The Regius Professorship of Mathematics is the name given to three chairs in mathematics at British universities, one at the University of St Andrews, founded by Charles II in 1668, the second one at the University of Warwick, founded in 2013 to commemorate the Diamond Jubilee of Elizabeth II and the third one at the University of Oxford, founded in 2016.

==University of St Andrews (1668)==

From 1997 to 2015 there was no Regius Professor of Mathematics. In April 2013 the post was advertised, and in 2015 Igor Rivin was appointed. He was succeeded by Kenneth Falconer in 2017.

===List of Regius Professors of Mathematics===

The following list may be incomplete.

- 1668–1674 James Gregory
- 1674–1688 William Sanders
- 1689–1690 James Fenton
- 1690–1707 vacant
- 1707–1739 Charles Gregory
- 1739–1765 David Gregory
- 1765–1807 Nicolas Vilant
- 1807–1809 vacant
- 1809–1820 Robert Haldane
- 1820–1858 Thomas Duncan
- 1857–1858 John Couch Adams
- 1859–1877 William L F Fischer
- 1877–1879 George Chrystal
- 1879–1921 Peter Redford Scott Lang
- 1921–1950 Herbert Westren Turnbull
- 1950–1969 Edward Thomas Copson
- 1970–1997 John Mackintosh Howie
- 1997–2015 vacant
- 2015–2017 Igor Rivin
- 2017–present Kenneth Falconer

==University of Warwick (2013)==

The creation of the post of the Regius Professor of Mathematics was announced in January 2013, in March 2014 Martin Hairer was appointed to the position. Tim Austin was appointed in July 2023, following Hairer's move to Imperial College, London in 2017.
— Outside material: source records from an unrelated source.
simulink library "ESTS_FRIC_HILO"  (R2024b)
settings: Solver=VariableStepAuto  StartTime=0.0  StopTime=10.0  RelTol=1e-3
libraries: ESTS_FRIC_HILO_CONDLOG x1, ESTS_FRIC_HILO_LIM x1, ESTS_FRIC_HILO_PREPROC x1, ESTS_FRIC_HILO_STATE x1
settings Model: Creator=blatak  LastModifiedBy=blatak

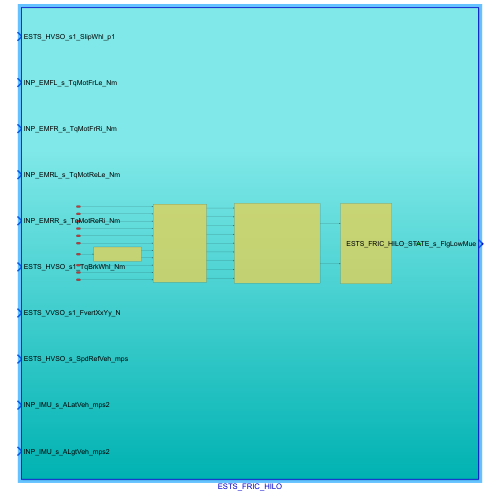
[thumbnail: Simulink's stored preview of the top-level diagram]
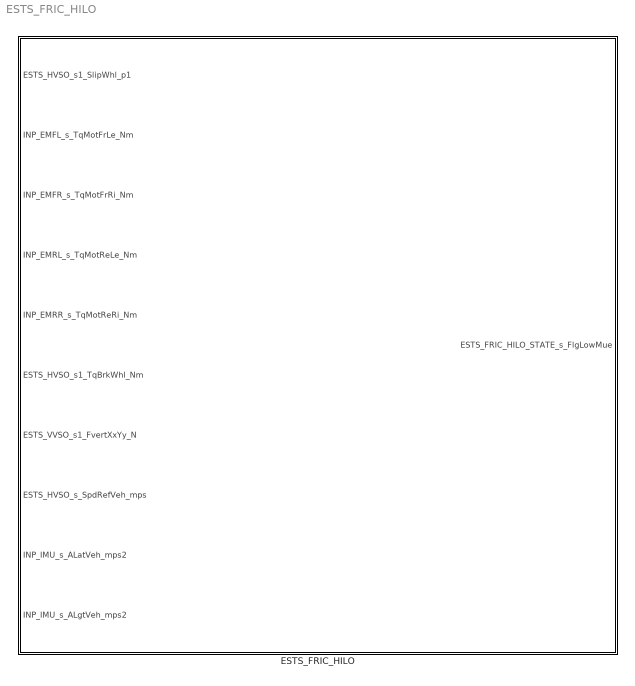
== system ESTS_FRIC_HILO ==
  ESTS_FRIC_HILO : Subsystem

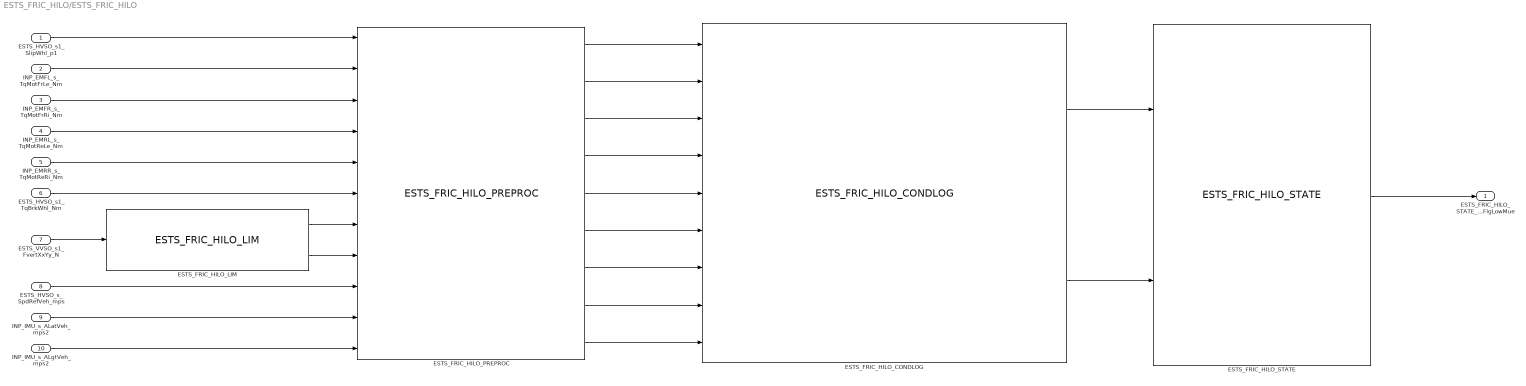
== system ESTS_FRIC_HILO/ESTS_FRIC_HILO ==
  ESTS_HVSO_s1_SlipWhl_p1 : Inport
  INP_EMFL_s_TqMotFrLe_Nm : Inport  Port=2
  INP_EMFR_s_TqMotFrRi_Nm : Inport  Port=3
  INP_EMRL_s_TqMotReLe_Nm : Inport  Port=4
  INP_EMRR_s_TqMotReRi_Nm : Inport  Port=5
  ESTS_HVSO_s1_TqBrkWhl_Nm : Inport  Port=6
  ESTS_VVSO_s1_FvertXxYy_N : Inport  Port=7
  ESTS_HVSO_s_SpdRefVeh_mps : Inport  Port=8
  INP_IMU_s_ALatVeh_mps2 : Inport  Port=9
  INP_IMU_s_ALgtVeh_mps2 : Inport  Port=10
  ESTS_FRIC_HILO_CONDLOG : ESTS_FRIC_HILO_CONDLOG/ESTS_FRIC_HILO_CONDLOG/ESTS_FRIC_HILO_CONDLOG  SystemSampleTime=-1  VariantActivationTime=update diagram  AllowFlexibleInterface=on  Latency=0  AutoFrameSizeCalculation=off
  ESTS_FRIC_HILO_LIM : ESTS_FRIC_HILO_LIM/ESTS_FRIC_HILO_LIM  SystemSampleTime=-1  VariantActivationTime=update diagram  AllowFlexibleInterface=on  Latency=0  AutoFrameSizeCalculation=off
  ESTS_FRIC_HILO_PREPROC : ESTS_FRIC_HILO_PREPROC/ESTS_FRIC_HILO_PREPROC  SystemSampleTime=-1  VariantActivationTime=update diagram  AllowFlexibleInterface=on  Latency=0  AutoFrameSizeCalculation=off
  ESTS_FRIC_HILO_STATE : ESTS_FRIC_HILO_STATE/ESTS_FRIC_HILO_STATE  SystemSampleTime=-1  VariantActivationTime=update diagram  AllowFlexibleInterface=on  Latency=0  AutoFrameSizeCalculation=off
  ESTS_FRIC_HILO_STATE_s_FlgLowMue : Outport
  wires:
  ESTS_FRIC_HILO_PREPROC/2 -> ESTS_FRIC_HILO_CONDLOG/2
  ESTS_FRIC_HILO_PREPROC/9 -> ESTS_FRIC_HILO_CONDLOG/9
  ESTS_FRIC_HILO_CONDLOG/2 -> ESTS_FRIC_HILO_STATE/2
  ESTS_FRIC_HILO_PREPROC/4 -> ESTS_FRIC_HILO_CONDLOG/4
  ESTS_HVSO_s_SpdRefVeh_mps/1 -> ESTS_FRIC_HILO_PREPROC/9
  INP_IMU_s_ALgtVeh_mps2/1 -> ESTS_FRIC_HILO_PREPROC/11
  INP_EMRL_s_TqMotReLe_Nm/1 -> ESTS_FRIC_HILO_PREPROC/4
  ESTS_FRIC_HILO_PREPROC/5 -> ESTS_FRIC_HILO_CONDLOG/5
  INP_IMU_s_ALatVeh_mps2/1 -> ESTS_FRIC_HILO_PREPROC/10
  ESTS_HVSO_s1_SlipWhl_p1/1 -> ESTS_FRIC_HILO_PREPROC/1
  ESTS_FRIC_HILO_PREPROC/6 -> ESTS_FRIC_HILO_CONDLOG/6
  ESTS_VVSO_s1_FvertXxYy_N/1 -> ESTS_FRIC_HILO_LIM/1
  ESTS_FRIC_HILO_PREPROC/3 -> ESTS_FRIC_HILO_CONDLOG/3
  ESTS_FRIC_HILO_CONDLOG/1 -> ESTS_FRIC_HILO_STATE/1
  ESTS_FRIC_HILO_PREPROC/8 -> ESTS_FRIC_HILO_CONDLOG/8
  INP_EMFR_s_TqMotFrRi_Nm/1 -> ESTS_FRIC_HILO_PREPROC/3
  ESTS_FRIC_HILO_PREPROC/7 -> ESTS_FRIC_HILO_CONDLOG/7
  ESTS_FRIC_HILO_PREPROC/1 -> ESTS_FRIC_HILO_CONDLOG/1
  ESTS_FRIC_HILO_STATE/1 -> ESTS_FRIC_HILO_STATE_s_FlgLowMue/1
  INP_EMRR_s_TqMotReRi_Nm/1 -> ESTS_FRIC_HILO_PREPROC/5
  INP_EMFL_s_TqMotFrLe_Nm/1 -> ESTS_FRIC_HILO_PREPROC/2
  ESTS_HVSO_s1_TqBrkWhl_Nm/1 -> ESTS_FRIC_HILO_PREPROC/6
  ESTS_FRIC_HILO_LIM/1 -> ESTS_FRIC_HILO_PREPROC/7
  ESTS_FRIC_HILO_LIM/2 -> ESTS_FRIC_HILO_PREPROC/8

==University of Oxford (2016)==

The creation of the post of the Regius Professor of Mathematics was announced in June 2016 and Andrew Wiles was appointed as the first holder of the chair in May 2018. In August 2020, it was confirmed that the Regius Professorship in Mathematics at the University of Oxford would be permanently associated with Merton College.

In July 2026, it was announced that the King had approved the appointment of James Maynard as the new Regius Professor of Mathematics, to succeed Wiles on 1 October 2026.